Türkiye’de siyasetin yerini şiddetin almaya başladığını da söyleyen Türker, yaşanan şiddet olaylarının ve uygulanan baskıların yapılacak olan seçimin adil olmayacağını gösterdiğini iddia etti. Türkiye’nin seçime gitmesinin tek sorumlusunun AK Parti olmadığını da ifade eden Türker, “CHP 35 gün suya gitti. İçmeden geri döndü. Suyu bile taşıyamadı. ‘Siz 35 gün boyunca ne yaptınız?’ diye sormak lazım” ifadelerini kullandı.

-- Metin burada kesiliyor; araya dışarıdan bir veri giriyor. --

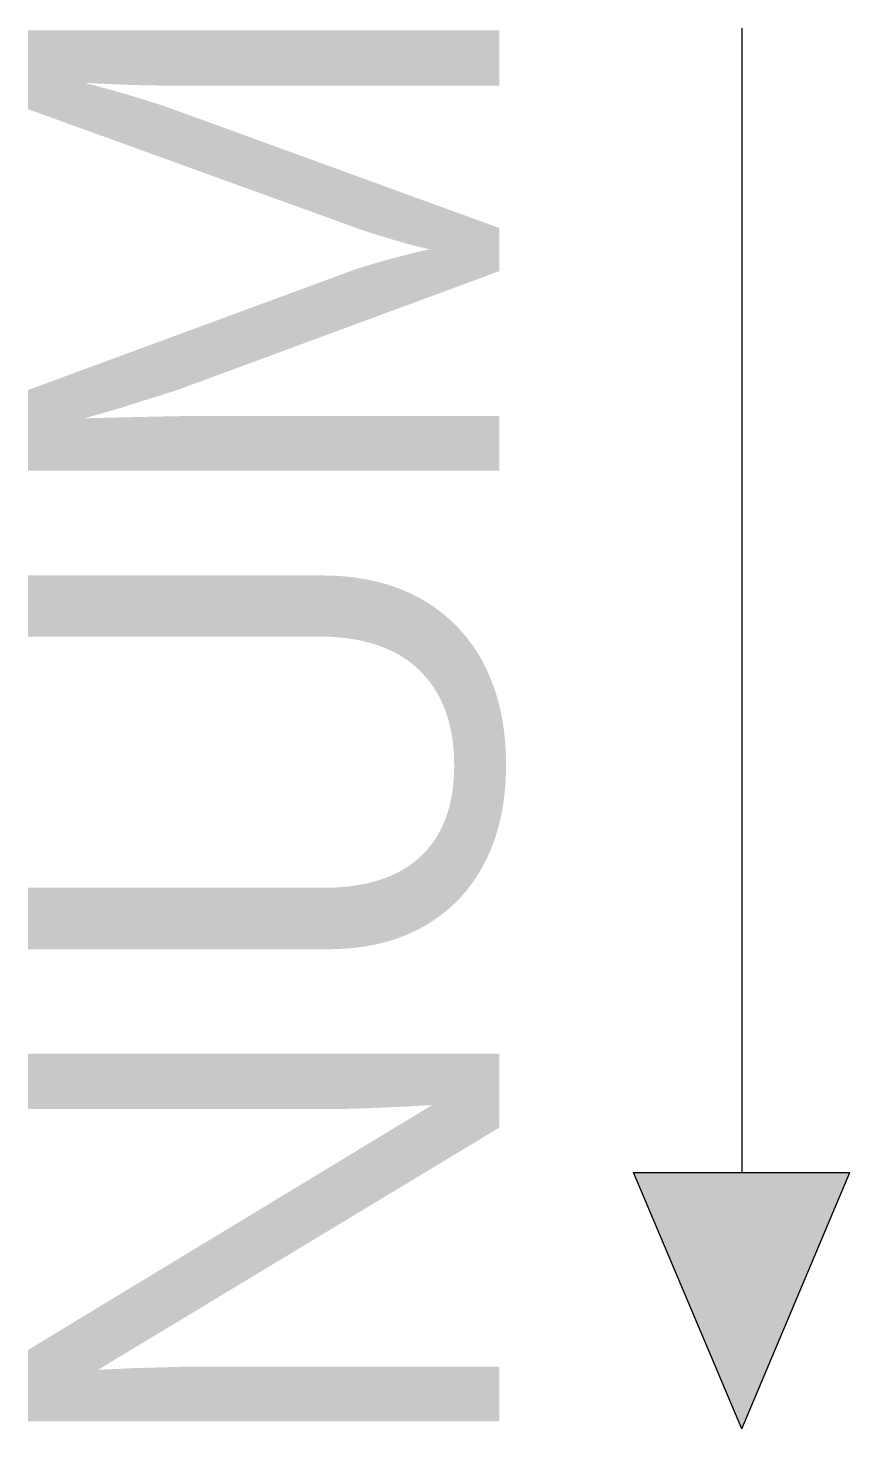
# Model space of a CAD drawing. Header units: metres. Extents: x -2.27 to 0.34, y -4.46 to 0.
import ezdxf
from ezdxf.enums import TextEntityAlignment as Align

# ---------------------------------------------------------------- set-up
doc = ezdxf.new("R2010")
doc.units = ezdxf.units.M
doc.styles.add('arial', font='ARIAL.TTF')

msp = doc.modelspace()

# ---------------------------------------------------------------- hatches: boundary and pattern name
h = msp.add_hatch(color=256)
h.paths.add_polyline_path([(0, -3.6436), (-0.3443, -3.6436), (0, -4.46)])
h.paths.add_polyline_path([(0.3443, -3.6436), (0, -3.6436), (0, -4.46)])

# ---------------------------------------------------------------- linework, layer by layer
for p, q in [((0, 0), (0, -3.6436)), ((0, -4.46), (-0.3443, -3.6436)), ((-0.3443, -3.6436), (0.3443, -3.6436)), ((0, -4.46), (0.3443, -3.6436))]:
    msp.add_line(p, q)

# ---------------------------------------------------------------- texts
at = {"style": 'arial'}
msp.add_attdef('NUM', text='', height=1.5, rotation=90, dxfattribs=at).set_placement((-1.5214, -2.2216), align=Align.MIDDLE_CENTER)

doc.saveas('drawing.dxf')

“YATAY BÖLÜNME GERÇEKLEŞMİŞ OLACAK”

Türker, sözlerine şu şekilde devam etti: “Eğer Türkiye önümüzdeki yıl tekrar bir seçime giderse 4 mevcut partiden 1 partinin yine bu çeşitli taktiklerle mezhep partisi haline getirilerek Türkiye’de yatay bölünme gerçekleşmiş olacaktır. Yatay bölünme Türkiye’de insanların etnik, soy, ırk ya da mezhep bağlamında ayrışmasıdır. Bu da insanların birlikte olma şanslarını yitirmelerine sebep olur. Cumhurbaşkanın gergin politikaları bu işi çok daha hızlı bir şekilde ayrıştırmaya götürüyor. Türkiye’de bu seçimde herkesin milletin birliğini ve Türkiye’nin bütünlüğünü esas alarak karar vermesi gerektiğini düşünüyorum.”

4 PARTİ VURGUSU

Parlamento da koalisyon kültürünün yerleşmesine olanak sağlayacak 5. partinin varlığına ihtiyaç olduğunu da iddia eden Türker, bu 5. partinin bu seçimde ortaya çıkabileceğini söyledi. Türker, “Filiz veren fidan olarak tanıtabilir. Türkiye’de bu yapılanma sağlanmaz ise şu anda kamuoyunda 4 parti dayatması devam ederse halkımız bıkkın, edilgen ve verilen gözdağları sonunda siyasi katılımdan vazgeçer hale gelecektir. 7 Haziran’dan bu yana 700’ü aşkın bu yana polis, er, subay ve vatandaşlarımız hayatını kaybetmiş bunun dışında yaralanmıştır. Bu durum bizlere 12 Eylül öncesini hatırlatıyor. Yaşanan bu olaylar tehlikeli bir yöneliştir. Bu Türkiye’de ilerde arzu edilmeyen durumlarla karşı karşıya kalmamıza da neden oluyor. Seçim mücadelesinde yer verilmeyen partilerden seçim boyunca halkımızın arasından seçim yaparak yönelmesidir. Biz DSP olarak parlamentodaki 5. parti olmaya hazırız” diye konuştu.